Michele Scarponi of the Diquigiovanni team clinched a solo victory on the sixth stage of the Giro d’Italia to claim his first career win in the race on Thursday.
Fellow Italian Danilo Di Luca of LPR retained the race leader’s pink jersey after a 248km ride in which a five-man breakaway provided much of the day’s drama on what was a transitional stage into nearby Austria.
Di Luca, the 2007 champion, retained his five-second lead over second-placed Swede Thomas Lovkvist, with his Columbian teammate Michael Rogers still in third, 36 seconds behind.
PHOTO: REUTERS
A quartet of arguably more probable Giro winners — Levi Leipheimer, Denis Menchov, Ivan Basso and Carlos Sastre — sit in fourth to seventh places.

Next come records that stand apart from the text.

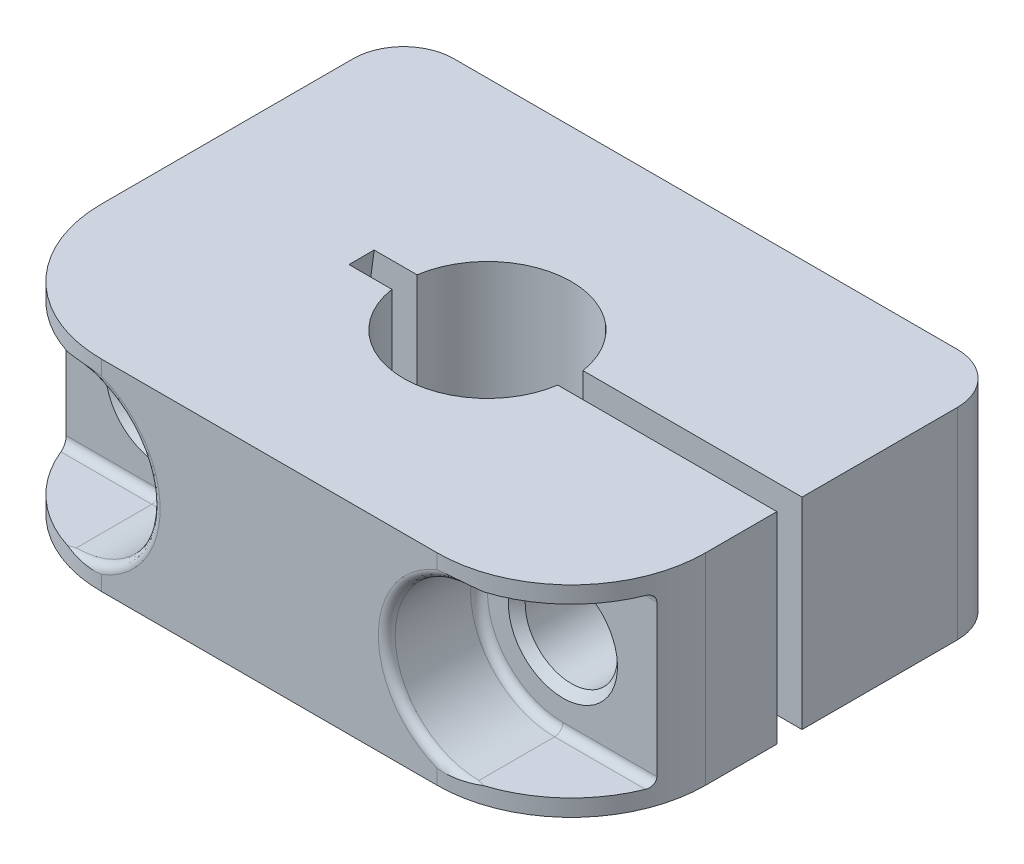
ISO-10303-21;
HEADER;
FILE_DESCRIPTION(('STEP AP214'),'2;1');
FILE_NAME('part.step','',(''),(''),'','','');
FILE_SCHEMA(('AUTOMOTIVE_DESIGN { 1 0 10303 214 1 1 1 1 }'));
ENDSEC;
DATA;
#1=APPLICATION_CONTEXT('core data for automotive mechanical design processes');
#2=APPLICATION_PROTOCOL_DEFINITION('international standard','automotive_design',2000,#1);
#3=PRODUCT_CONTEXT('',#1,'mechanical');
#4=PRODUCT('Part','Part','',(#3));
#5=PRODUCT_RELATED_PRODUCT_CATEGORY('part','',(#4));
#6=PRODUCT_DEFINITION_FORMATION('','',#4);
#7=PRODUCT_DEFINITION_CONTEXT('part definition',#1,'design');
#8=PRODUCT_DEFINITION('design','',#6,#7);
#9=PRODUCT_DEFINITION_SHAPE('','',#8);
#10=(LENGTH_UNIT() NAMED_UNIT(*) SI_UNIT(.MILLI.,.METRE.));
#11=(NAMED_UNIT(*) PLANE_ANGLE_UNIT() SI_UNIT($,.RADIAN.));
#12=(NAMED_UNIT(*) SI_UNIT($,.STERADIAN.) SOLID_ANGLE_UNIT());
#13=UNCERTAINTY_MEASURE_WITH_UNIT(LENGTH_MEASURE(1.E-05),#10,'distance_accuracy_value','');
#14=(GEOMETRIC_REPRESENTATION_CONTEXT(3) GLOBAL_UNCERTAINTY_ASSIGNED_CONTEXT((#13)) GLOBAL_UNIT_ASSIGNED_CONTEXT((#10,
#11,#12)) REPRESENTATION_CONTEXT('',''));
#15=CARTESIAN_POINT('',(0.,0.,0.));
#16=DIRECTION('',(0.,0.,1.));
#17=DIRECTION('',(1.,0.,0.));
#18=AXIS2_PLACEMENT_3D('',#15,#16,#17);
#19=CARTESIAN_POINT('',(24.,0.,21.));
#20=DIRECTION('',(0.,0.,-1.));
#21=DIRECTION('',(0.,1.,0.));
#22=AXIS2_PLACEMENT_3D('',#19,#20,#21);
#23=TOROIDAL_SURFACE('',#22,4.5,0.500000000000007);
#24=CARTESIAN_POINT('',(24.,0.,20.5));
#25=DIRECTION('',(0.,0.,-1.));
#26=DIRECTION('',(0.,-1.,0.));
#27=AXIS2_PLACEMENT_3D('',#24,#25,#26);
#28=CIRCLE('',#27,4.5);
#29=CARTESIAN_POINT('',(24.,4.5,20.5));
#30=VERTEX_POINT('',#29);
#31=CARTESIAN_POINT('',(24.,-4.5,20.5));
#32=VERTEX_POINT('',#31);
#33=EDGE_CURVE('E230',#30,#32,#28,.F.);
#34=ORIENTED_EDGE('',*,*,#33,.F.);
#35=CARTESIAN_POINT('',(24.,4.5,21.));
#36=DIRECTION('',(1.,0.,0.));
#37=DIRECTION('',(0.,1.,0.));
#38=AXIS2_PLACEMENT_3D('',#35,#36,#37);
#39=CIRCLE('',#38,0.5);
#40=CARTESIAN_POINT('',(24.,5.,21.));
#41=VERTEX_POINT('',#40);
#42=EDGE_CURVE('E221',#30,#41,#39,.T.);
#43=ORIENTED_EDGE('',*,*,#42,.T.);
#44=CARTESIAN_POINT('',(24.,0.,21.));
#45=DIRECTION('',(0.,0.,1.));
#46=DIRECTION('',(0.,-1.,0.));
#47=AXIS2_PLACEMENT_3D('',#44,#45,#46);
#48=CIRCLE('',#47,5.);
#49=CARTESIAN_POINT('',(24.,-5.,21.));
#50=VERTEX_POINT('',#49);
#51=EDGE_CURVE('E428',#41,#50,#48,.T.);
#52=ORIENTED_EDGE('',*,*,#51,.T.);
#53=CARTESIAN_POINT('',(24.,-4.5,21.));
#54=DIRECTION('',(1.,0.,0.));
#55=DIRECTION('',(0.,1.,0.));
#56=AXIS2_PLACEMENT_3D('',#53,#54,#55);
#57=CIRCLE('',#56,0.5);
#58=EDGE_CURVE('E222',#50,#32,#57,.T.);
#59=ORIENTED_EDGE('',*,*,#58,.T.);
#60=EDGE_LOOP('',(#34,#43,#52,#59));
#61=FACE_BOUND('',#60,.T.);
#62=ADVANCED_FACE('F14',(#61),#23,.F.);
#63=CARTESIAN_POINT('',(36.,-4.5,21.));
#64=DIRECTION('',(1.,0.,0.));
#65=DIRECTION('',(0.,1.,0.));
#66=AXIS2_PLACEMENT_3D('',#63,#64,#65);
#67=CYLINDRICAL_SURFACE('',#66,0.5);
#68=DIRECTION('',(1.,0.,0.));
#69=VECTOR('',#68,1.);
#70=CARTESIAN_POINT('',(28.5,-4.5,20.5));
#71=LINE('',#70,#69);
#72=CARTESIAN_POINT('',(29.5993420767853,-4.5,20.5));
#73=VERTEX_POINT('',#72);
#74=EDGE_CURVE('E215',#32,#73,#71,.T.);
#75=ORIENTED_EDGE('',*,*,#74,.F.);
#76=ORIENTED_EDGE('',*,*,#58,.F.);
#77=DIRECTION('',(-1.,0.,0.));
#78=VECTOR('',#77,1.);
#79=CARTESIAN_POINT('',(36.,-5.,21.));
#80=LINE('',#79,#78);
#81=CARTESIAN_POINT('',(29.4161984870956,-5.,21.));
#82=VERTEX_POINT('',#81);
#83=EDGE_CURVE('E217',#82,#50,#80,.T.);
#84=ORIENTED_EDGE('',*,*,#83,.F.);
#85=CARTESIAN_POINT('',(29.5993420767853,-4.5,20.5));
#86=CARTESIAN_POINT('',(29.5993472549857,-4.52705093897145,20.4999717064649));
#87=CARTESIAN_POINT('',(29.5986204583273,-4.55408810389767,20.5021933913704));
#88=CARTESIAN_POINT('',(29.595743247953,-4.60733048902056,20.5109205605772));
#89=CARTESIAN_POINT('',(29.5935956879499,-4.63353726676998,20.5174174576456));
#90=CARTESIAN_POINT('',(29.587916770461,-4.6844308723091,20.5344811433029));
#91=CARTESIAN_POINT('',(29.5843853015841,-4.70911757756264,20.5450482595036));
#92=CARTESIAN_POINT('',(29.576010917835,-4.75631760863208,20.5698697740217));
#93=CARTESIAN_POINT('',(29.5711677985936,-4.77883059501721,20.584124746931));
#94=CARTESIAN_POINT('',(29.5601670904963,-4.82151617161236,20.616135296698));
#95=CARTESIAN_POINT('',(29.5539871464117,-4.84163860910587,20.6339499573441));
#96=CARTESIAN_POINT('',(29.540494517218,-4.8786076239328,20.6723315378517));
#97=CARTESIAN_POINT('',(29.5331816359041,-4.89545363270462,20.6928989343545));
#98=CARTESIAN_POINT('',(29.5171995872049,-4.92626394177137,20.7372047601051));
#99=CARTESIAN_POINT('',(29.5084824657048,-4.94005314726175,20.761047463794));
#100=CARTESIAN_POINT('',(29.4901540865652,-4.96345838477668,20.8103887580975));
#101=CARTESIAN_POINT('',(29.4805424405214,-4.97307259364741,20.8358880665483));
#102=CARTESIAN_POINT('',(29.4619351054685,-4.98703519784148,20.8844596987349));
#103=CARTESIAN_POINT('',(29.4530220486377,-4.9919060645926,20.9074159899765));
#104=CARTESIAN_POINT('',(29.4348426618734,-4.9983882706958,20.9535979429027));
#105=CARTESIAN_POINT('',(29.4255770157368,-5.00000562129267,20.9768230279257));
#106=CARTESIAN_POINT('',(29.4161984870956,-5.,21.));
#107=B_SPLINE_CURVE_WITH_KNOTS('',3,(#85,#86,#87,#88,#89,#90,#91,#92,#93,#94,#95,#96,#97,#98,
#99,#100,#101,#102,#103,#104,#105,#106),.UNSPECIFIED.,.F.,.F.,(4,2,2,2,2,2,2,2,2,2,4),(0.,
0.0810309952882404,0.161899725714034,0.242774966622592,0.323662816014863,0.406025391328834,
0.488402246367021,0.574695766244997,0.661026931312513,0.736122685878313,0.811079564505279),.UNSPECIFIED.);
#108=EDGE_CURVE('E19',#73,#82,#107,.T.);
#109=ORIENTED_EDGE('',*,*,#108,.F.);
#110=EDGE_LOOP('',(#75,#76,#84,#109));
#111=FACE_BOUND('',#110,.T.);
#112=ADVANCED_FACE('F214',(#111),#67,.F.);
#113=CARTESIAN_POINT('',(36.,4.5,21.));
#114=DIRECTION('',(1.,0.,0.));
#115=DIRECTION('',(0.,1.,0.));
#116=AXIS2_PLACEMENT_3D('',#113,#114,#115);
#117=CYLINDRICAL_SURFACE('',#116,0.5);
#118=DIRECTION('',(1.,0.,0.));
#119=VECTOR('',#118,1.);
#120=CARTESIAN_POINT('',(36.,5.,21.));
#121=LINE('',#120,#119);
#122=CARTESIAN_POINT('',(29.4161984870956,5.,21.));
#123=VERTEX_POINT('',#122);
#124=EDGE_CURVE('E551',#41,#123,#121,.T.);
#125=ORIENTED_EDGE('',*,*,#124,.F.);
#126=ORIENTED_EDGE('',*,*,#42,.F.);
#127=DIRECTION('',(1.,0.,0.));
#128=VECTOR('',#127,1.);
#129=CARTESIAN_POINT('',(28.5,4.5,20.5));
#130=LINE('',#129,#128);
#131=CARTESIAN_POINT('',(29.5993420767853,4.5,20.5));
#132=VERTEX_POINT('',#131);
#133=EDGE_CURVE('E233',#132,#30,#130,.F.);
#134=ORIENTED_EDGE('',*,*,#133,.F.);
#135=CARTESIAN_POINT('',(29.4161984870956,5.,21.));
#136=CARTESIAN_POINT('',(29.428045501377,5.00001889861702,20.9707330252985));
#137=CARTESIAN_POINT('',(29.4397122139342,4.99743034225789,20.9413745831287));
#138=CARTESIAN_POINT('',(29.4624186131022,4.98707503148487,20.8832710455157));
#139=CARTESIAN_POINT('',(29.4734570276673,4.97929815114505,20.8545272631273));
#140=CARTESIAN_POINT('',(29.4946105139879,4.95858481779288,20.7985209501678));
#141=CARTESIAN_POINT('',(29.504723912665,4.9456392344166,20.7712611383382));
#142=CARTESIAN_POINT('',(29.5237304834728,4.91482971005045,20.719235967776));
#143=CARTESIAN_POINT('',(29.5326249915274,4.89697121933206,20.6944678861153));
#144=CARTESIAN_POINT('',(29.5485796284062,4.85770420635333,20.6494322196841));
#145=CARTESIAN_POINT('',(29.5557066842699,4.83650387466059,20.6290070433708));
#146=CARTESIAN_POINT('',(29.5684743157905,4.79055670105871,20.5920224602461));
#147=CARTESIAN_POINT('',(29.5741147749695,4.76580958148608,20.5754633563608));
#148=CARTESIAN_POINT('',(29.5834735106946,4.71510936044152,20.5477698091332));
#149=CARTESIAN_POINT('',(29.5872873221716,4.68931942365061,20.5363680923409));
#150=CARTESIAN_POINT('',(29.5933890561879,4.63604246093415,20.5180423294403));
#151=CARTESIAN_POINT('',(29.595679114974,4.60855787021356,20.5111120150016));
#152=CARTESIAN_POINT('',(29.5979030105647,4.56734483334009,20.5043710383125));
#153=CARTESIAN_POINT('',(29.59844279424,4.5539233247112,20.5027323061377));
#154=CARTESIAN_POINT('',(29.59916194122,4.52700352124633,20.5005476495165));
#155=CARTESIAN_POINT('',(29.5993418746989,4.51350538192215,20.4999999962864));
#156=CARTESIAN_POINT('',(29.5993420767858,4.5,20.5));
#157=B_SPLINE_CURVE_WITH_KNOTS('',3,(#135,#136,#137,#138,#139,#140,#141,#142,#143,#144,#145,
#146,#147,#148,#149,#150,#151,#152,#153,#154,#155,#156),.UNSPECIFIED.,.F.,.F.,(4,2,2,2,2,2,2,2,
2,2,4),(0.,0.0946423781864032,0.189470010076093,0.28446589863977,0.379356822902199,
0.469753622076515,0.560157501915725,0.64510008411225,0.729923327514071,0.770477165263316,
0.810966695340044),.UNSPECIFIED.);
#158=EDGE_CURVE('E237',#123,#132,#157,.T.);
#159=ORIENTED_EDGE('',*,*,#158,.F.);
#160=EDGE_LOOP('',(#125,#126,#134,#159));
#161=FACE_BOUND('',#160,.T.);
#162=ADVANCED_FACE('F659',(#161),#117,.F.);
#163=CARTESIAN_POINT('',(24.,0.,0.));
#164=DIRECTION('',(0.,0.,1.));
#165=DIRECTION('',(0.,-1.,0.));
#166=AXIS2_PLACEMENT_3D('',#163,#164,#165);
#167=CYLINDRICAL_SURFACE('',#166,5.);
#168=DIRECTION('',(0.,0.,1.));
#169=VECTOR('',#168,1.);
#170=CARTESIAN_POINT('',(24.,-5.,26.));
#171=LINE('',#170,#169);
#172=CARTESIAN_POINT('',(24.,-5.,25.5));
#173=VERTEX_POINT('',#172);
#174=EDGE_CURVE('E394',#50,#173,#171,.T.);
#175=ORIENTED_EDGE('',*,*,#174,.F.);
#176=ORIENTED_EDGE('',*,*,#51,.F.);
#177=DIRECTION('',(0.,0.,1.));
#178=VECTOR('',#177,1.);
#179=CARTESIAN_POINT('',(24.,5.,21.));
#180=LINE('',#179,#178);
#181=CARTESIAN_POINT('',(24.,5.,25.5));
#182=VERTEX_POINT('',#181);
#183=EDGE_CURVE('E401',#182,#41,#180,.F.);
#184=ORIENTED_EDGE('',*,*,#183,.F.);
#185=CARTESIAN_POINT('',(24.,0.,25.5));
#186=DIRECTION('',(0.,0.,-1.));
#187=DIRECTION('',(0.,1.,0.));
#188=AXIS2_PLACEMENT_3D('',#185,#186,#187);
#189=CIRCLE('',#188,5.);
#190=EDGE_CURVE('E757',#173,#182,#189,.T.);
#191=ORIENTED_EDGE('',*,*,#190,.F.);
#192=EDGE_LOOP('',(#175,#176,#184,#191));
#193=FACE_BOUND('',#192,.T.);
#194=ADVANCED_FACE('F663',(#193),#167,.F.);
#195=CARTESIAN_POINT('',(0.,0.,20.49999999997));
#196=DIRECTION('',(0.,0.,1.));
#197=DIRECTION('',(0.,-1.,0.));
#198=AXIS2_PLACEMENT_3D('',#195,#196,#197);
#199=CONICAL_SURFACE('',#198,3.2499999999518,0.785398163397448);
#200=CARTESIAN_POINT('',(0.,0.,20.49999999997));
#201=DIRECTION('',(0.,0.,1.));
#202=DIRECTION('',(0.,-1.,0.));
#203=AXIS2_PLACEMENT_3D('',#200,#201,#202);
#204=CIRCLE('',#203,3.2499999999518);
#205=CARTESIAN_POINT('',(0.,-3.2499999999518,20.49999999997));
#206=VERTEX_POINT('',#205);
#207=EDGE_CURVE('E543',#206,#206,#204,.F.);
#208=ORIENTED_EDGE('',*,*,#207,.F.);
#209=EDGE_LOOP('',(#208));
#210=FACE_BOUND('',#209,.T.);
#211=CARTESIAN_POINT('',(0.,0.,20.));
#212=DIRECTION('',(0.,0.,1.));
#213=DIRECTION('',(0.,-1.,0.));
#214=AXIS2_PLACEMENT_3D('',#211,#212,#213);
#215=CIRCLE('',#214,2.75);
#216=CARTESIAN_POINT('',(0.,-2.75,20.));
#217=VERTEX_POINT('',#216);
#218=EDGE_CURVE('E816',#217,#217,#215,.F.);
#219=ORIENTED_EDGE('',*,*,#218,.T.);
#220=EDGE_LOOP('',(#219));
#221=FACE_BOUND('',#220,.T.);
#222=ADVANCED_FACE('F830',(#210,#221),#199,.F.);
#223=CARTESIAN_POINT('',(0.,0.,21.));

Scarponi was part of a early five-man escape group that formed around 50km into the stage, but which was largely undone by the stage’s principle climb at Hochkrimml, 50km from the finish line.
Only Belarusian Vasik Kiryienka managed to stay with Scarponi on the ascent before dropping behind because of a puncture.
“In the group, I saw that Kiryienka was the most dangerous,” Scarponi said. “When he had his puncture in the last 25km, I first thought that he’d gone the wrong way. I slowed down a little bit in order not to be on my own at the end. Then he got held up.”
Scarponi dug deep, went off on his own and managed to hold off a rapidly closing but tired peloton.
“Have I got a message to give?” the Italian joked afterward. “Yes — not to start a breakaway with 200km to go. It’s a long way.”
Norway’s Edvald Boasson Hagen of Columbia attacked the pursuers in the final kilometer to finish second by around 30 seconds, picking up the bonus seconds that may otherwise have been snatched by rivals of his team.
It is Scarponi’s first Giro stage win and comes only months after he returned to the peloton following an 18-month ban for his implication in the Operation Puerto doping scandal.
Lance Armstrong finished 73rd after falling off the pace in the race’s closing stages and said he couldn’t believe how demanding the end of the race was.
“The last 30km were the craziest I’ve seen in my life,” the Texan said. “A long stretch, a quick descent — at 80kph — and then a tight circuit. Tomorrow, we have the same kind of finish. It’s a cycling course, not a Moto GP. At one stage we even reached 110kph. It’s crazy.”